= Beginning of Section =

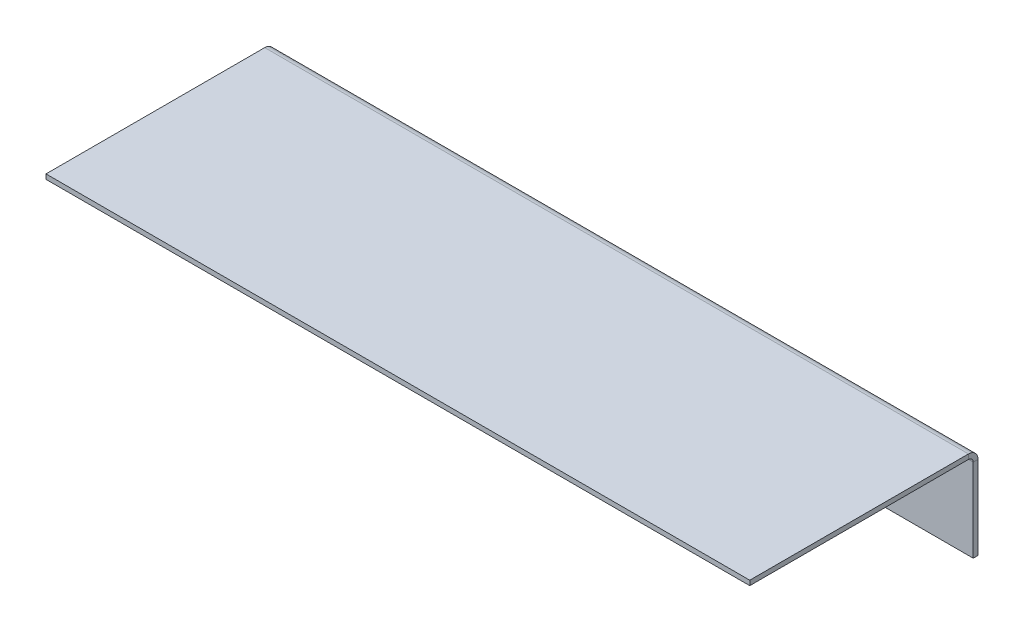
ISO-10303-21;
HEADER;
FILE_DESCRIPTION(('STEP AP214'),'2;1');
FILE_NAME('part.step','',(''),(''),'','','');
FILE_SCHEMA(('AUTOMOTIVE_DESIGN { 1 0 10303 214 1 1 1 1 }'));
ENDSEC;
DATA;
#1=APPLICATION_CONTEXT('core data for automotive mechanical design processes');
#2=APPLICATION_PROTOCOL_DEFINITION('international standard','automotive_design',2000,#1);
#3=PRODUCT_CONTEXT('',#1,'mechanical');
#4=PRODUCT('Part','Part','',(#3));
#5=PRODUCT_RELATED_PRODUCT_CATEGORY('part','',(#4));
#6=PRODUCT_DEFINITION_FORMATION('','',#4);
#7=PRODUCT_DEFINITION_CONTEXT('part definition',#1,'design');
#8=PRODUCT_DEFINITION('design','',#6,#7);
#9=PRODUCT_DEFINITION_SHAPE('','',#8);
#10=(LENGTH_UNIT() NAMED_UNIT(*) SI_UNIT(.MILLI.,.METRE.));
#11=(NAMED_UNIT(*) PLANE_ANGLE_UNIT() SI_UNIT($,.RADIAN.));
#12=(NAMED_UNIT(*) SI_UNIT($,.STERADIAN.) SOLID_ANGLE_UNIT());
#13=UNCERTAINTY_MEASURE_WITH_UNIT(LENGTH_MEASURE(1.E-05),#10,'distance_accuracy_value','');
#14=(GEOMETRIC_REPRESENTATION_CONTEXT(3) GLOBAL_UNCERTAINTY_ASSIGNED_CONTEXT((#13)) GLOBAL_UNIT_ASSIGNED_CONTEXT((#10,
#11,#12)) REPRESENTATION_CONTEXT('',''));
#15=CARTESIAN_POINT('',(0.,0.,0.));
#16=DIRECTION('',(0.,0.,1.));
#17=DIRECTION('',(1.,0.,0.));
#18=AXIS2_PLACEMENT_3D('',#15,#16,#17);
#19=CARTESIAN_POINT('',(0.,3.175,-146.05));
#20=DIRECTION('',(-1.,0.,0.));
#21=DIRECTION('',(0.,0.,1.));
#22=AXIS2_PLACEMENT_3D('',#19,#20,#21);
#23=PLANE('',#22);
#24=DIRECTION('',(0.,0.,1.));
#25=VECTOR('',#24,1.);
#26=CARTESIAN_POINT('',(0.,61.9125,0.));
#27=LINE('',#26,#25);
#28=CARTESIAN_POINT('',(0.,61.9125,-152.4));
#29=VERTEX_POINT('',#28);
#30=CARTESIAN_POINT('',(0.,61.9125,-149.225));
#31=VERTEX_POINT('',#30);
#32=EDGE_CURVE('E51',#29,#31,#27,.T.);
#33=ORIENTED_EDGE('',*,*,#32,.T.);
#34=DIRECTION('',(0.,1.,0.));
#35=VECTOR('',#34,1.);
#36=CARTESIAN_POINT('',(0.,0.,-149.225));
#37=LINE('',#36,#35);
#38=CARTESIAN_POINT('',(0.,117.475,-149.225));
#39=VERTEX_POINT('',#38);
#40=EDGE_CURVE('E156',#31,#39,#37,.T.);
#41=ORIENTED_EDGE('',*,*,#40,.T.);
#42=DIRECTION('',(0.,0.,-1.));
#43=VECTOR('',#42,1.);
#44=CARTESIAN_POINT('',(0.,117.475,-149.225));
#45=LINE('',#44,#43);
#46=CARTESIAN_POINT('',(0.,117.475,-152.4));
#47=VERTEX_POINT('',#46);
#48=EDGE_CURVE('E171',#39,#47,#45,.T.);
#49=ORIENTED_EDGE('',*,*,#48,.T.);
#50=DIRECTION('',(0.,1.,0.));
#51=VECTOR('',#50,1.);
#52=CARTESIAN_POINT('',(0.,0.,-152.4));
#53=LINE('',#52,#51);
#54=EDGE_CURVE('E158',#29,#47,#53,.T.);
#55=ORIENTED_EDGE('',*,*,#54,.F.);
#56=EDGE_LOOP('',(#33,#41,#49,#55));
#57=FACE_BOUND('',#56,.T.);
#58=ADVANCED_FACE('F37',(#57),#23,.T.);
#59=CARTESIAN_POINT('',(469.9,117.475,-152.4));
#60=DIRECTION('',(1.,0.,0.));
#61=DIRECTION('',(0.,0.,-1.));
#62=AXIS2_PLACEMENT_3D('',#59,#60,#61);
#63=PLANE('',#62);
#64=DIRECTION('',(0.,0.,1.));
#65=VECTOR('',#64,1.);
#66=CARTESIAN_POINT('',(469.9,117.475,-152.4));
#67=LINE('',#66,#65);
#68=CARTESIAN_POINT('',(469.9,117.475,-152.4));
#69=VERTEX_POINT('',#68);
#70=CARTESIAN_POINT('',(469.9,117.475,-149.225));
#71=VERTEX_POINT('',#70);
#72=EDGE_CURVE('E11',#69,#71,#67,.T.);
#73=ORIENTED_EDGE('',*,*,#72,.F.);
#74=CARTESIAN_POINT('',(469.9,117.475,-146.05));
#75=DIRECTION('',(-1.,0.,0.));
#76=DIRECTION('',(0.,0.,1.));
#77=AXIS2_PLACEMENT_3D('',#74,#75,#76);
#78=CIRCLE('',#77,6.35);
#79=CARTESIAN_POINT('',(469.9,123.825,-146.05));
#80=VERTEX_POINT('',#79);
#81=EDGE_CURVE('E143',#69,#80,#78,.F.);
#82=ORIENTED_EDGE('',*,*,#81,.T.);
#83=DIRECTION('',(0.,1.,0.));
#84=VECTOR('',#83,1.);
#85=CARTESIAN_POINT('',(469.9,120.65,-146.05));
#86=LINE('',#85,#84);
#87=CARTESIAN_POINT('',(469.9,120.65,-146.05));
#88=VERTEX_POINT('',#87);
#89=EDGE_CURVE('E44',#88,#80,#86,.T.);
#90=ORIENTED_EDGE('',*,*,#89,.F.);
#91=CARTESIAN_POINT('',(469.9,117.475,-146.05));
#92=DIRECTION('',(1.,0.,0.));
#93=DIRECTION('',(0.,0.,-1.));
#94=AXIS2_PLACEMENT_3D('',#91,#92,#93);
#95=CIRCLE('',#94,3.175);
#96=EDGE_CURVE('E117',#71,#88,#95,.T.);
#97=ORIENTED_EDGE('',*,*,#96,.F.);
#98=EDGE_LOOP('',(#73,#82,#90,#97));
#99=FACE_BOUND('',#98,.T.);
#100=ADVANCED_FACE('F133',(#99),#63,.T.);
#101=CARTESIAN_POINT('',(469.9,120.65,-146.05));
#102=DIRECTION('',(1.,0.,0.));
#103=DIRECTION('',(0.,0.,-1.));
#104=AXIS2_PLACEMENT_3D('',#101,#102,#103);
#105=PLANE('',#104);
#106=DIRECTION('',(0.,0.,1.));
#107=VECTOR('',#106,1.);
#108=CARTESIAN_POINT('',(469.9,61.9125,0.));
#109=LINE('',#108,#107);
#110=CARTESIAN_POINT('',(469.9,61.9125,-152.4));
#111=VERTEX_POINT('',#110);
#112=CARTESIAN_POINT('',(469.9,61.9125,-149.225));
#113=VERTEX_POINT('',#112);
#114=EDGE_CURVE('E196',#111,#113,#109,.T.);
#115=ORIENTED_EDGE('',*,*,#114,.F.);
#116=DIRECTION('',(0.,1.,0.));
#117=VECTOR('',#116,1.);
#118=CARTESIAN_POINT('',(469.9,0.,-152.4));
#119=LINE('',#118,#117);
#120=EDGE_CURVE('E116',#111,#69,#119,.T.);
#121=ORIENTED_EDGE('',*,*,#120,.T.);
#122=ORIENTED_EDGE('',*,*,#72,.T.);
#123=DIRECTION('',(0.,1.,0.));
#124=VECTOR('',#123,1.);
#125=CARTESIAN_POINT('',(469.9,0.,-149.225));
#126=LINE('',#125,#124);
#127=EDGE_CURVE('E106',#113,#71,#126,.T.);
#128=ORIENTED_EDGE('',*,*,#127,.F.);
#129=EDGE_LOOP('',(#115,#121,#122,#128));
#130=FACE_BOUND('',#129,.T.);
#131=ADVANCED_FACE('F120',(#130),#105,.T.);
#132=CARTESIAN_POINT('',(0.,123.825,-146.05));
#133=DIRECTION('',(-1.,0.,0.));
#134=DIRECTION('',(0.,0.,1.));
#135=AXIS2_PLACEMENT_3D('',#132,#133,#134);
#136=PLANE('',#135);
#137=DIRECTION('',(0.,-1.,0.));
#138=VECTOR('',#137,1.);
#139=CARTESIAN_POINT('',(0.,123.825,-146.05));
#140=LINE('',#139,#138);
#141=CARTESIAN_POINT('',(0.,123.825,-146.05));
#142=VERTEX_POINT('',#141);
#143=CARTESIAN_POINT('',(0.,120.65,-146.05));
#144=VERTEX_POINT('',#143);
#145=EDGE_CURVE('E87',#142,#144,#140,.T.);
#146=ORIENTED_EDGE('',*,*,#145,.F.);
#147=CARTESIAN_POINT('',(0.,117.475,-146.05));
#148=DIRECTION('',(-1.,0.,0.));
#149=DIRECTION('',(0.,0.,1.));
#150=AXIS2_PLACEMENT_3D('',#147,#148,#149);
#151=CIRCLE('',#150,6.35);
#152=EDGE_CURVE('E160',#47,#142,#151,.F.);
#153=ORIENTED_EDGE('',*,*,#152,.F.);
#154=ORIENTED_EDGE('',*,*,#48,.F.);
#155=CARTESIAN_POINT('',(0.,117.475,-146.05));
#156=DIRECTION('',(1.,0.,0.));
#157=DIRECTION('',(0.,0.,-1.));
#158=AXIS2_PLACEMENT_3D('',#155,#156,#157);
#159=CIRCLE('',#158,3.175);
#160=EDGE_CURVE('E129',#39,#144,#159,.T.);
#161=ORIENTED_EDGE('',*,*,#160,.T.);
#162=EDGE_LOOP('',(#146,#153,#154,#161));
#163=FACE_BOUND('',#162,.T.);
#164=ADVANCED_FACE('F182',(#163),#136,.T.);
#165=CARTESIAN_POINT('',(0.,117.475,-149.225));
#166=DIRECTION('',(-1.,0.,0.));
#167=DIRECTION('',(0.,0.,1.));
#168=AXIS2_PLACEMENT_3D('',#165,#166,#167);
#169=PLANE('',#168);
#170=DIRECTION('',(0.,0.,1.));
#171=VECTOR('',#170,1.);
#172=CARTESIAN_POINT('',(0.,123.825,-152.4));
#173=LINE('',#172,#171);
#174=CARTESIAN_POINT('',(0.,123.825,0.));
#175=VERTEX_POINT('',#174);
#176=EDGE_CURVE('E146',#142,#175,#173,.T.);
#177=ORIENTED_EDGE('',*,*,#176,.F.);
#178=ORIENTED_EDGE('',*,*,#145,.T.);
#179=DIRECTION('',(0.,0.,-1.));
#180=VECTOR('',#179,1.);
#181=CARTESIAN_POINT('',(0.,120.65,-152.4));
#182=LINE('',#181,#180);
#183=CARTESIAN_POINT('',(0.,120.65,0.));
#184=VERTEX_POINT('',#183);
#185=EDGE_CURVE('E152',#144,#184,#182,.F.);
#186=ORIENTED_EDGE('',*,*,#185,.T.);
#187=DIRECTION('',(0.,1.,0.));
#188=VECTOR('',#187,1.);
#189=CARTESIAN_POINT('',(0.,120.65,0.));
#190=LINE('',#189,#188);
#191=EDGE_CURVE('E149',#184,#175,#190,.T.);
#192=ORIENTED_EDGE('',*,*,#191,.T.);
#193=EDGE_LOOP('',(#177,#178,#186,#192));
#194=FACE_BOUND('',#193,.T.);
#195=ADVANCED_FACE('F176',(#194),#169,.T.);
#196=CARTESIAN_POINT('',(469.9,123.825,-152.4));
#197=DIRECTION('',(0.,-1.,0.));
#198=DIRECTION('',(0.,0.,-1.));
#199=AXIS2_PLACEMENT_3D('',#196,#197,#198);
#200=PLANE('',#199);
#201=ORIENTED_EDGE('',*,*,#176,.T.);
#202=DIRECTION('',(-1.,0.,0.));
#203=VECTOR('',#202,1.);
#204=CARTESIAN_POINT('',(469.9,123.825,0.));
#205=LINE('',#204,#203);
#206=CARTESIAN_POINT('',(469.9,123.825,0.));
#207=VERTEX_POINT('',#206);
#208=EDGE_CURVE('E169',#207,#175,#205,.T.);
#209=ORIENTED_EDGE('',*,*,#208,.F.);
#210=DIRECTION('',(0.,0.,1.));
#211=VECTOR('',#210,1.);
#212=CARTESIAN_POINT('',(469.9,123.825,-152.4));
#213=LINE('',#212,#211);
#214=EDGE_CURVE('E93',#80,#207,#213,.T.);
#215=ORIENTED_EDGE('',*,*,#214,.F.);
#216=DIRECTION('',(-1.,0.,0.));
#217=VECTOR('',#216,1.);
#218=CARTESIAN_POINT('',(469.9,123.825,-146.05));
#219=LINE('',#218,#217);
#220=EDGE_CURVE('E145',#80,#142,#219,.T.);
#221=ORIENTED_EDGE('',*,*,#220,.T.);
#222=EDGE_LOOP('',(#201,#209,#215,#221));
#223=FACE_BOUND('',#222,.T.);
#224=ADVANCED_FACE('F226',(#223),#200,.F.);
#225=CARTESIAN_POINT('',(469.9,120.65,0.));
#226=DIRECTION('',(0.,0.,1.));
#227=DIRECTION('',(0.,-1.,0.));
#228=AXIS2_PLACEMENT_3D('',#225,#226,#227);
#229=PLANE('',#228);
#230=ORIENTED_EDGE('',*,*,#191,.F.);
#231=DIRECTION('',(-1.,0.,0.));
#232=VECTOR('',#231,1.);
#233=CARTESIAN_POINT('',(469.9,120.65,0.));
#234=LINE('',#233,#232);
#235=CARTESIAN_POINT('',(469.9,120.65,0.));
#236=VERTEX_POINT('',#235);
#237=EDGE_CURVE('E167',#236,#184,#234,.T.);
#238=ORIENTED_EDGE('',*,*,#237,.F.);
#239=DIRECTION('',(0.,1.,0.));
#240=VECTOR('',#239,1.);
#241=CARTESIAN_POINT('',(469.9,120.65,0.));
#242=LINE('',#241,#240);
#243=EDGE_CURVE('E138',#236,#207,#242,.T.);
#244=ORIENTED_EDGE('',*,*,#243,.T.);
#245=ORIENTED_EDGE('',*,*,#208,.T.);
#246=EDGE_LOOP('',(#230,#238,#244,#245));
#247=FACE_BOUND('',#246,.T.);
#248=ADVANCED_FACE('F202',(#247),#229,.T.);
#249=CARTESIAN_POINT('',(469.9,120.65,-152.4));
#250=DIRECTION('',(0.,-1.,0.));
#251=DIRECTION('',(0.,0.,-1.));
#252=AXIS2_PLACEMENT_3D('',#249,#250,#251);
#253=PLANE('',#252);
#254=ORIENTED_EDGE('',*,*,#185,.F.);
#255=DIRECTION('',(-1.,0.,0.));
#256=VECTOR('',#255,1.);
#257=CARTESIAN_POINT('',(469.9,120.65,-146.05));
#258=LINE('',#257,#256);
#259=EDGE_CURVE('E130',#88,#144,#258,.T.);
#260=ORIENTED_EDGE('',*,*,#259,.F.);
#261=DIRECTION('',(0.,0.,-1.));
#262=VECTOR('',#261,1.);
#263=CARTESIAN_POINT('',(469.9,120.65,-152.4));
#264=LINE('',#263,#262);
#265=EDGE_CURVE('E135',#88,#236,#264,.F.);
#266=ORIENTED_EDGE('',*,*,#265,.T.);
#267=ORIENTED_EDGE('',*,*,#237,.T.);
#268=EDGE_LOOP('',(#254,#260,#266,#267));
#269=FACE_BOUND('',#268,.T.);
#270=ADVANCED_FACE('F179',(#269),#253,.T.);
#271=CARTESIAN_POINT('',(469.9,117.475,-146.05));
#272=DIRECTION('',(-1.,0.,0.));
#273=DIRECTION('',(0.,0.,1.));
#274=AXIS2_PLACEMENT_3D('',#271,#272,#273);
#275=CYLINDRICAL_SURFACE('',#274,3.175);
#276=ORIENTED_EDGE('',*,*,#160,.F.);
#277=DIRECTION('',(-1.,0.,0.));
#278=VECTOR('',#277,1.);
#279=CARTESIAN_POINT('',(469.9,117.475,-149.225));
#280=LINE('',#279,#278);
#281=EDGE_CURVE('E110',#71,#39,#280,.T.);
#282=ORIENTED_EDGE('',*,*,#281,.F.);
#283=ORIENTED_EDGE('',*,*,#96,.T.);
#284=ORIENTED_EDGE('',*,*,#259,.T.);
#285=EDGE_LOOP('',(#276,#282,#283,#284));
#286=FACE_BOUND('',#285,.T.);
#287=ADVANCED_FACE('F127',(#286),#275,.F.);
#288=CARTESIAN_POINT('',(469.9,0.,-149.225));
#289=DIRECTION('',(0.,0.,1.));
#290=DIRECTION('',(1.,0.,0.));
#291=AXIS2_PLACEMENT_3D('',#288,#289,#290);
#292=PLANE('',#291);
#293=DIRECTION('',(-1.,0.,0.));
#294=VECTOR('',#293,1.);
#295=CARTESIAN_POINT('',(469.9,61.9125,-149.225));
#296=LINE('',#295,#294);
#297=EDGE_CURVE('E113',#113,#31,#296,.T.);
#298=ORIENTED_EDGE('',*,*,#297,.F.);
#299=ORIENTED_EDGE('',*,*,#127,.T.);
#300=ORIENTED_EDGE('',*,*,#281,.T.);
#301=ORIENTED_EDGE('',*,*,#40,.F.);
#302=EDGE_LOOP('',(#298,#299,#300,#301));
#303=FACE_BOUND('',#302,.T.);
#304=ADVANCED_FACE('F107',(#303),#292,.T.);
#305=CARTESIAN_POINT('',(469.9,0.,-152.4));
#306=DIRECTION('',(0.,0.,1.));
#307=DIRECTION('',(1.,0.,0.));
#308=AXIS2_PLACEMENT_3D('',#305,#306,#307);
#309=PLANE('',#308);
#310=ORIENTED_EDGE('',*,*,#120,.F.);
#311=DIRECTION('',(1.,0.,0.));
#312=VECTOR('',#311,1.);
#313=CARTESIAN_POINT('',(0.,61.9125,-152.4));
#314=LINE('',#313,#312);
#315=EDGE_CURVE('E192',#29,#111,#314,.T.);
#316=ORIENTED_EDGE('',*,*,#315,.F.);
#317=ORIENTED_EDGE('',*,*,#54,.T.);
#318=DIRECTION('',(-1.,0.,0.));
#319=VECTOR('',#318,1.);
#320=CARTESIAN_POINT('',(469.9,117.475,-152.4));
#321=LINE('',#320,#319);
#322=EDGE_CURVE('E131',#69,#47,#321,.T.);
#323=ORIENTED_EDGE('',*,*,#322,.F.);
#324=EDGE_LOOP('',(#310,#316,#317,#323));
#325=FACE_BOUND('',#324,.T.);
#326=ADVANCED_FACE('F190',(#325),#309,.F.);
#327=CARTESIAN_POINT('',(469.9,117.475,-146.05));
#328=DIRECTION('',(-1.,0.,0.));
#329=DIRECTION('',(0.,0.,1.));
#330=AXIS2_PLACEMENT_3D('',#327,#328,#329);
#331=CYLINDRICAL_SURFACE('',#330,6.35);
#332=ORIENTED_EDGE('',*,*,#152,.T.);
#333=ORIENTED_EDGE('',*,*,#220,.F.);
#334=ORIENTED_EDGE('',*,*,#81,.F.);
#335=ORIENTED_EDGE('',*,*,#322,.T.);
#336=EDGE_LOOP('',(#332,#333,#334,#335));
#337=FACE_BOUND('',#336,.T.);
#338=ADVANCED_FACE('F187',(#337),#331,.T.);
#339=CARTESIAN_POINT('',(469.9,117.475,-146.05));
#340=DIRECTION('',(1.,0.,0.));
#341=DIRECTION('',(0.,0.,-1.));
#342=AXIS2_PLACEMENT_3D('',#339,#340,#341);
#343=PLANE('',#342);
#344=ORIENTED_EDGE('',*,*,#214,.T.);
#345=ORIENTED_EDGE('',*,*,#243,.F.);
#346=ORIENTED_EDGE('',*,*,#265,.F.);
#347=ORIENTED_EDGE('',*,*,#89,.T.);
#348=EDGE_LOOP('',(#344,#345,#346,#347));
#349=FACE_BOUND('',#348,.T.);
#350=ADVANCED_FACE('F203',(#349),#343,.T.);
#351=CARTESIAN_POINT('',(0.,61.9125,0.));
#352=DIRECTION('',(0.,1.,0.));
#353=DIRECTION('',(0.,0.,1.));
#354=AXIS2_PLACEMENT_3D('',#351,#352,#353);
#355=PLANE('',#354);
#356=ORIENTED_EDGE('',*,*,#297,.T.);
#357=ORIENTED_EDGE('',*,*,#32,.F.);
#358=ORIENTED_EDGE('',*,*,#315,.T.);
#359=ORIENTED_EDGE('',*,*,#114,.T.);
#360=EDGE_LOOP('',(#356,#357,#358,#359));
#361=FACE_BOUND('',#360,.T.);
#362=ADVANCED_FACE('F205',(#361),#355,.F.);
#363=CLOSED_SHELL('',(#58,#100,#131,#164,#195,#224,#248,#270,#287,#304,#326,#338,#350,#362));
#364=MANIFOLD_SOLID_BREP('B2',#363);
#365=ADVANCED_BREP_SHAPE_REPRESENTATION('',(#18,#364),#14);
#366=SHAPE_DEFINITION_REPRESENTATION(#9,#365);
ENDSEC;
END-ISO-10303-21;

= End of Section =

■ ACTION ITEM:
Find the line with "#166=DIRECTION('',(-1.,0.,0.));" in the entries above. Retype it and each line after it, exactly, through the line with "#187=DIRECTION('',(0.,1.,0.));", and stop there.

■ RESULT FOR THIS EXERCISE:
#166=DIRECTION('',(-1.,0.,0.));
#167=DIRECTION('',(0.,0.,1.));
#168=AXIS2_PLACEMENT_3D('',#165,#166,#167);
#169=PLANE('',#168);
#170=DIRECTION('',(0.,0.,1.));
#171=VECTOR('',#170,1.);
#172=CARTESIAN_POINT('',(0.,123.825,-152.4));
#173=LINE('',#172,#171);
#174=CARTESIAN_POINT('',(0.,123.825,0.));
#175=VERTEX_POINT('',#174);
#176=EDGE_CURVE('E146',#142,#175,#173,.T.);
#177=ORIENTED_EDGE('',*,*,#176,.F.);
#178=ORIENTED_EDGE('',*,*,#145,.T.);
#179=DIRECTION('',(0.,0.,-1.));
#180=VECTOR('',#179,1.);
#181=CARTESIAN_POINT('',(0.,120.65,-152.4));
#182=LINE('',#181,#180);
#183=CARTESIAN_POINT('',(0.,120.65,0.));
#184=VERTEX_POINT('',#183);
#185=EDGE_CURVE('E152',#144,#184,#182,.F.);
#186=ORIENTED_EDGE('',*,*,#185,.T.);
#187=DIRECTION('',(0.,1.,0.));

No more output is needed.